WORK TO BE COMPLETED:
Tell how many lines of the data below have the string "range" in them. Say nothing more.

DATA TO USE:
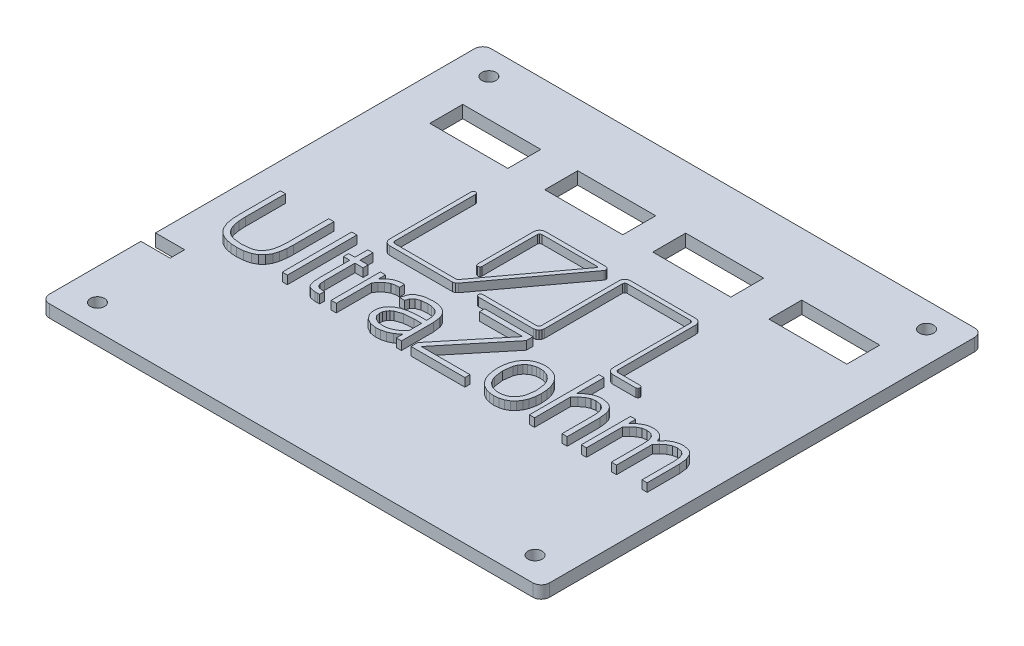
from build123d import *

# Parameters (mm, degrees)
AUFSATZ_LINEAR_AUSTRAGEN1_DEPTH = 3
SKIZZE2_R                       = 1.7
SCHNITT_LINEAR_AUSTRAGEN1_DEPTH = 3
SKIZZE3_W                       = 18.72
SKIZZE3_H                       = 7.9
SCHNITT_LINEAR_AUSTRAGEN2_DEPTH = 3
LINEARES_MUSTER1_COUNT          = 2
LINEARES_MUSTER1_PITCH          = 27.85
LINEARES_MUSTER2_COUNT          = 2
LINEARES_MUSTER2_PITCH          = 53.76
LINEARES_MUSTER3_COUNT          = 2
LINEARES_MUSTER3_PITCH          = 81.35
SKIZZE4_W                       = 7
SKIZZE4_H                       = 3.5
SCHNITT_LINEAR_AUSTRAGEN3_DEPTH = 3
SKIZZE9_W                       = 1.236063568
SKIZZE9_H                       = 16.679437304
AUFSATZ_LINEAR_AUSTRAGEN2_DEPTH = 2


with BuildPart() as part:
    # Skizze1 → Aufsatz-Linear austragen1 (new body)
    with BuildSketch(Plane(origin=(0, 0, 0), x_dir=(1, 0, 0), z_dir=(0, 1, 0))):
        with BuildLine():
            Line((-58, -53), (58, -53))
            ThreePointArc((58, -53), (59.414213562, -52.414213562), (60, -51))
            Line((60, -51), (60, 51))
            ThreePointArc((60, 51), (59.414213562, 52.414213562), (58, 53))
            Line((58, 53), (-58, 53))
            ThreePointArc((-58, 53), (-59.414213562, 52.414213562), (-60, 51))
            Line((-60, 51), (-60, -51))
            ThreePointArc((-60, -51), (-59.414213562, -52.414213562), (-58, -53))
        make_face()
    extrude(amount=AUFSATZ_LINEAR_AUSTRAGEN1_DEPTH)

    # Skizze2 → Schnitt-Linear austragen1 (cut)
    with BuildSketch(Plane(origin=(0, 3, 0), x_dir=(1, 0, 0), z_dir=(0, 1, 0))):
        with Locations(Location((-52.5, 46.97, 0), (0, 0, 270))):
            Circle(SKIZZE2_R)
        with Locations(Location((52.5, 46.97, 0), (0, 0, 270))):
            Circle(SKIZZE2_R)
        with Locations(Location((52.5, -46.97, 0), (0, 0, 270))):
            Circle(SKIZZE2_R)
        with Locations(Location((-52.5, -46.97, 0), (0, 0, 270))):
            Circle(SKIZZE2_R)
    extrude(amount=-SCHNITT_LINEAR_AUSTRAGEN1_DEPTH, mode=Mode.SUBTRACT)

    # Skizze3 → Schnitt-Linear austragen2 (cut)
    with BuildSketch(Plane(origin=(0, 3, 0), x_dir=(1, 0, 0), z_dir=(0, 1, 0))):
        with Locations((40.86, 34.08)):
            Rectangle(SKIZZE3_W, SKIZZE3_H)
    schnitt_linear_austragen2 = extrude(amount=-SCHNITT_LINEAR_AUSTRAGEN2_DEPTH, mode=Mode.SUBTRACT)

    # Lineares Muster1: Schnitt-Linear austragen2 ×2
    with Locations(*[(-i * LINEARES_MUSTER1_PITCH, 0, 0) for i in range(1, LINEARES_MUSTER1_COUNT)]):
        add(schnitt_linear_austragen2, mode=Mode.SUBTRACT)

    # Lineares Muster2: Schnitt-Linear austragen2 ×2
    with Locations(*[(-i * LINEARES_MUSTER2_PITCH, 0, 0) for i in range(1, LINEARES_MUSTER2_COUNT)]):
        add(schnitt_linear_austragen2, mode=Mode.SUBTRACT)

    # Lineares Muster3: Schnitt-Linear austragen2 ×2
    with Locations(*[(-i * LINEARES_MUSTER3_PITCH, 0, 0) for i in range(1, LINEARES_MUSTER3_COUNT)]):
        add(schnitt_linear_austragen2, mode=Mode.SUBTRACT)

    # Skizze4 → Schnitt-Linear austragen3 (cut)
    with BuildSketch(Plane(origin=(0, 3, 0), x_dir=(1, 0, 0), z_dir=(0, 1, 0))):
        with Locations((-56.5, -27.3)):
            Rectangle(SKIZZE4_W, SKIZZE4_H)
    extrude(amount=-SCHNITT_LINEAR_AUSTRAGEN3_DEPTH, mode=Mode.SUBTRACT)

    # Skizze9 → Aufsatz-Linear austragen2 (add)
    # profile 1 of 11: a face of its own
    with BuildSketch(Plane(origin=(0, 3, 0), x_dir=(1, 0, 0), z_dir=(0, 1, 0))):
        Polygon((-12.148241554, -2.128756598), (-27.28013001, -2.128756598), (-27.810505378, -2.020807614), (-28.243459554, -1.728197582), (-28.535284218, -1.294713054), (-28.64227105, -0.764142614), (-28.64227105, 18.884317962), (-28.49021649, 19.251409938), (-28.123124514, 19.403464498), (-27.75762969, 19.25053821), (-27.606450922, 18.884317962), (-27.606450922, -0.561428262), (-27.454248026, -0.927649526), (-27.087304386, -1.07810287), (-12.148241554, -1.07810287), (-12.039473674, -1.02123735), (2.190088926, 18.261346386), (2.202390654, 18.404853338), (2.078845054, 18.478894338), (-11.337387194, 18.478894338), (-11.704482218, 18.326840794), (-11.856537794, 17.959747802), (-11.856537794, 4.639930906), (-12.006989106, 4.272990314), (-12.373204274, 4.12078437), (-12.740299298, 4.272837914), (-12.892354874, 4.639930906), (-12.892354874, 18.142684698), (-12.785311146, 18.672890394), (-12.493394026, 19.105861842), (-12.060423594, 19.397780994), (-11.530217898, 19.504825738), (3.055331798, 19.504825738), (3.426465422, 19.41852365), (3.688681814, 19.142061922), (3.755248102, 18.76688665), (3.604148582, 18.417091058), (-11.211305658, -1.634326294), (-11.624119666, -1.987003262), align=None)
    # profile 2 of 11: a face of its own
    with BuildSketch(Plane(origin=(0, 3, 0), x_dir=(1, 0, 0), z_dir=(0, 1, 0))):
        Polygon((31.82841319, -2.128756598), (26.28096175, -2.128756598), (25.750586382, -2.020807614), (25.317632206, -1.728197582), (25.025807542, -1.294713054), (24.91882071, -0.764142614), (24.91882071, 17.952325922), (24.767640926, 18.318547186), (24.40214407, 18.471472458), (9.10957623, 18.471472458), (8.744079374, 18.318547186), (8.59289959, 17.952325922), (8.59289959, -0.751781958), (8.493061334, -1.276651622), (8.199350974, -1.722959086), (7.75679255, -2.022288942), (7.23322743, -2.128756598), (-5.960509962, -2.128756598), (-6.327604986, -1.976703054), (-6.479660562, -1.609610062), (-6.327604986, -1.24251707), (-5.960509962, -1.090463526), (7.03793191, -1.090463526), (7.404867422, -0.940006118), (7.55706727, -0.573788918), (7.55706727, 18.142679618), (7.66075515, 18.66395061), (7.956033198, 19.105861842), (8.397946462, 19.401136842), (8.91921847, 19.504820658), (24.59249167, 19.504820658), (25.113763678, 19.401136842), (25.555676942, 19.105861842), (25.85095499, 18.66395061), (25.95464287, 18.142679618), (25.95464287, -0.56390019), (26.106845766, -0.930120438), (26.47378839, -1.080574798), (31.82841319, -1.080574798), (32.193902934, -1.233503118), (32.34507967, -1.599721334), (32.197435566, -1.97234035), align=None)
    # profile 3 of 11: a face of its own
    with BuildSketch(Plane(origin=(0, 3, 0), x_dir=(1, 0, 0), z_dir=(0, 1, 0))):
        Polygon((-45.35384545, -20.793310582), (-46.65029701, -20.727910662), (-47.924857834, -20.481822254), (-48.850712218, -20.139625326), (-49.699843362, -19.636354806), (-50.322953114, -19.06881111), (-50.81971717, -18.387931598), (-51.45010961, -16.86510203), (-51.719571098, -15.188999718), (-51.773957578, -13.498065838), (-51.773957578, -3.80980175), (-50.537895026, -3.80980175), (-50.537895026, -13.451095142), (-50.470829882, -15.012951302), (-50.191796658, -16.551141774), (-49.803140082, -17.54851951), (-49.178224898, -18.417596766), (-48.426548474, -18.986950974), (-47.549093282, -19.332283278), (-45.346429666, -19.579496398), (-43.12151565, -19.332283278), (-42.240871234, -18.987977134), (-41.49238505, -18.410180982), (-40.88297809, -17.537869798), (-40.503533586, -16.543724974), (-40.231458946, -15.00871255), (-40.167324962, -13.451095142), (-40.167324962, -3.80980175), (-38.931261394, -3.80980175), (-38.931261394, -13.500537766), (-38.995664618, -15.045926598), (-39.222972266, -16.575863086), (-39.600068794, -17.780227454), (-40.236544026, -18.869996166), (-41.12466417, -19.72009759), (-42.209301066, -20.298885358), (-43.758540538, -20.692588406), align=None)
    # profile 4 of 11: a face of its own
    with BuildSketch(Plane(origin=(0, 3, 0), x_dir=(1, 0, 0), z_dir=(0, 1, 0))):
        with Locations((-34.021618178, -12.149520402)):
            Rectangle(SKIZZE9_W, SKIZZE9_H)
    # profile 5 of 11: a face of its own
    with BuildSketch(Plane(origin=(0, 3, 0), x_dir=(1, 0, 0), z_dir=(0, 1, 0))):
        Polygon((-25.53975249, -20.595540086), (-26.06137197, -20.642509766), (-26.582990434, -20.657343366), (-27.866023682, -20.434852574), (-28.291326362, -20.16457727), (-28.60766101, -19.772322022), (-28.938926794, -18.669753742), (-29.015563674, -17.122202862), (-29.015563674, -9.903592966), (-30.535921314, -9.903592966), (-30.535921314, -8.684835942), (-29.015563674, -8.684835942), (-29.015563674, -5.589733166), (-27.779500106, -5.589733166), (-27.779500106, -8.682362998), (-25.828993466, -8.682362998), (-25.828993466, -9.901122054), (-27.779500106, -9.901122054), (-27.779500106, -17.226031966), (-27.670727146, -18.392875454), (-27.34935009, -19.06282179), (-26.820315842, -19.366893318), (-26.105870738, -19.436113398), (-25.814159866, -19.436113398), (-25.537282594, -19.421279798), align=None)
    # profile 6 of 11: a face of its own
    with BuildSketch(Plane(origin=(0, 3, 0), x_dir=(1, 0, 0), z_dir=(0, 1, 0))):
        Polygon((-17.413874914, -9.629187622), (-17.782222666, -9.599520422), (-18.229675162, -9.599520422), (-19.245719866, -9.812123502), (-20.182655762, -10.36835099), (-21.010817682, -11.144599374), (-21.67087529, -12.034564574), (-21.67087529, -20.489239054), (-22.906938858, -20.489239054), (-22.906938858, -8.684835942), (-21.67087529, -8.684835942), (-21.67087529, -10.313966542), (-20.635054146, -9.325116094), (-19.646203698, -8.729333694), (-18.716683586, -8.44751155), (-17.903351202, -8.38076035), (-17.673445642, -8.38076035), (-17.426236586, -8.40301075), align=None)
    # profile 7 of 11: a face of its own
    with BuildSketch(Plane(origin=(0, 3, 0), x_dir=(1, 0, 0), z_dir=(0, 1, 0))):
        Polygon((-7.278154266, -18.96640847), (-8.514219866, -19.87120727), (-9.688479138, -20.434851558), (-10.833073242, -20.716674718), (-11.985085162, -20.793311598), (-13.443638506, -20.558459134), (-14.610478946, -19.888512798), (-15.386725298, -18.835387142), (-15.603838402, -18.169962006), (-15.671028514, -17.473246102), (-15.568948962, -16.529328254), (-15.228323786, -15.660205278), (-14.673336834, -14.909612926), (-13.928171954, -14.321284918), (-12.947665914, -13.828096166), (-11.74899521, -13.47581747), (-10.33215781, -13.264450862), (-8.697155746, -13.193995326), (-7.285572082, -13.193995326), (-7.37704561, -11.762632174), (-7.807190546, -10.627926798), (-8.247109402, -10.17944611), (-8.796037946, -9.873927798), (-9.681512426, -9.650647574), (-10.593272858, -9.599522454), (-12.056159442, -9.728690598), (-13.10249009, -10.116196046), (-13.779784138, -10.785902606), (-14.09133749, -11.68599631), (-15.30514761, -11.68599631), (-14.882413378, -10.224970022), (-14.493055762, -9.655762118), (-13.985036458, -9.194092734), (-12.572832018, -8.582860022), (-10.60563453, -8.380763398), (-9.53733593, -8.444612902), (-8.494440378, -8.684835942), (-7.735111442, -9.037889846), (-7.080389866, -9.559968558), (-6.601830498, -10.206046006), (-6.289306866, -10.94683091), (-6.042096794, -12.781148806), (-6.042096794, -20.489239054), (-7.278154266, -20.489239054), align=None)
        Polygon((-7.278154266, -14.41275235), (-9.134719514, -14.41275235), (-11.469024218, -14.603106046), (-13.122260434, -15.174167134), (-13.675180842, -15.56016179), (-14.091848538, -16.074343134), (-14.351896786, -16.682922054), (-14.434961898, -17.352110454), (-14.231470306, -18.277896766), (-13.60432805, -18.988657854), (-12.622276674, -19.428077854), (-11.332444354, -19.574551526), (-10.111215402, -19.384198846), (-8.996287482, -18.889772606), (-8.037096106, -18.212410486), (-7.278154266, -17.48807767), align=None, mode=Mode.SUBTRACT)
    # profile 8 of 11: a face of its own
    with BuildSketch(Plane(origin=(0, 3, 0), x_dir=(1, 0, 0), z_dir=(0, 1, 0))):
        Polygon((9.18620295, -20.489239054), (-3.747957618, -20.489239054), (-3.747957618, -18.874940022), (7.60403695, -5.031032734), (-2.749224538, -5.031032734), (-2.749224538, -3.80980175), (8.86976975, -3.80980175), (8.86976975, -5.441405294), (-2.502005322, -19.270479998), (9.18620295, -19.270479998), align=None)
    # profile 9 of 11: a face of its own
    with BuildSketch(Plane(origin=(0, 3, 0), x_dir=(1, 0, 0), z_dir=(0, 1, 0))):
        Polygon((16.38009255, -8.380763398), (17.501681366, -8.480258246), (18.58028119, -8.80349763), (19.487592558, -9.316066582), (20.25390751, -10.02225567), (20.887919958, -10.940682078), (21.32434479, -11.96781947), (21.605241358, -13.265518678), (21.698873886, -14.583329606), (21.605241358, -15.901139518), (21.32434479, -17.198838726), (20.889885918, -18.231284718), (20.25886559, -19.156763182), (19.490792958, -19.86238331), (18.58276023, -20.375521222), (17.509148966, -20.685806606), (16.40605135, -20.789235406), (15.302953734, -20.685806606), (14.22934247, -20.375521222), (13.325175622, -19.867596406), (12.56313295, -19.164178966), (11.927959214, -18.238760446), (11.48775791, -17.20625451), (11.203126526, -15.90134983), (11.108248382, -14.575912806), (11.203126526, -13.250474766), (11.48775791, -11.945570086), (11.922815206, -10.919654942), (12.55571615, -10.00247923), (13.322884542, -9.300584774), (14.22934247, -8.791135958), (15.284100838, -8.47790011), align=None)
        Polygon((16.38009255, -19.574551526), (17.221354774, -19.501349742), (18.03147863, -19.263064214), (18.729738854, -18.867980422), (19.31451391, -18.318711518), (19.811521806, -17.575977926), (20.15009263, -16.748911254), (20.451691214, -14.570967934), (20.15009263, -12.39302563), (19.812462622, -11.573634838), (19.31451391, -10.840528862), (18.727420342, -10.300646782), (18.03147863, -9.911009766), (17.213042878, -9.677438478), (16.37268083, -9.599581382), (15.532318782, -9.677438478), (14.71388303, -9.911009766), (14.017941318, -10.300646782), (13.43084775, -10.840528862), (12.935145414, -11.573237582), (12.60268583, -12.39302563), (12.310991214, -14.570967934), (12.60268583, -16.748911254), (12.936244726, -17.576290854), (13.43084775, -18.318711518), (14.015622806, -18.867980422), (14.71388303, -19.263064214), (15.531428766, -19.502036558), align=None, mode=Mode.SUBTRACT)
    # profile 10 of 11: a face of its own
    with BuildSketch(Plane(origin=(0, 3, 0), x_dir=(1, 0, 0), z_dir=(0, 1, 0))):
        Polygon((25.90519415, -10.437572086), (27.04732039, -9.369613846), (28.13999791, -8.746638206), (29.15356967, -8.457400278), (30.06578527, -8.380763398), (31.671897374, -8.649143862), (32.30286995, -8.984618934), (32.81911987, -9.454284238), (33.22064815, -10.058139774), (33.507453774, -10.796185542), (33.73689807, -12.674847774), (33.73689807, -20.489239054), (32.50083247, -20.489239054), (32.50083247, -12.781148806), (32.35497551, -11.35720347), (31.88033079, -10.368353022), (31.02003279, -9.78987615), (29.72216391, -9.599522454), (28.707263222, -9.75420439), (27.77906391, -10.192832926), (26.779432686, -10.964674918), (25.89777735, -11.868934222), (25.89777735, -20.489239054), (24.66171175, -20.489239054), (24.66171175, -3.809800734), (25.89777735, -3.809800734), align=None)
    # profile 11 of 11: a face of its own
    with BuildSketch(Plane(origin=(0, 3, 0), x_dir=(1, 0, 0), z_dir=(0, 1, 0))):
        Polygon((52.91812463, -20.489239054), (51.68205903, -20.489239054), (51.68205903, -12.781148806), (51.549798182, -11.326920574), (51.15301767, -10.346104654), (50.416330294, -9.78987615), (49.28656471, -9.60446631), (48.285716318, -9.764246534), (47.37314207, -10.205192566), (46.402473958, -10.981747782), (45.56849239, -11.903544262), (45.56849239, -20.49418291), (44.33242679, -20.49418291), (44.33242679, -12.781148806), (44.21870591, -11.334955102), (43.82563583, -10.346104654), (43.08399647, -9.782460366), (41.97154759, -9.599522454), (41.00304559, -9.757438318), (40.12734503, -10.20024871), (39.184195278, -10.986445766), (38.36223807, -11.89859939), (38.36223807, -20.489239054), (37.12618263, -20.489239054), (37.12618263, -8.684835942), (38.36223807, -8.684835942), (38.36223807, -10.437572086), (39.52166679, -9.347365478), (40.55008231, -8.729333694), (41.47217343, -8.44751155), (42.30775215, -8.38076035), (43.33613719, -8.499415942), (44.28545711, -8.912267542), (45.018263366, -9.625931342), (45.46960511, -10.543871086), (46.44362399, -9.483329646), (47.48933183, -8.820799094), (48.55729007, -8.479645598), (49.60052903, -8.380758318), (51.046412854, -8.649138782), (51.614305038, -8.984613854), (52.07883243, -9.454279158), (52.697788774, -10.796180462), (52.90328087, -12.674842694), align=None)
    extrude(amount=AUFSATZ_LINEAR_AUSTRAGEN2_DEPTH)


solid = part.part

SOLUTION FOR THIS EXERCISE:
3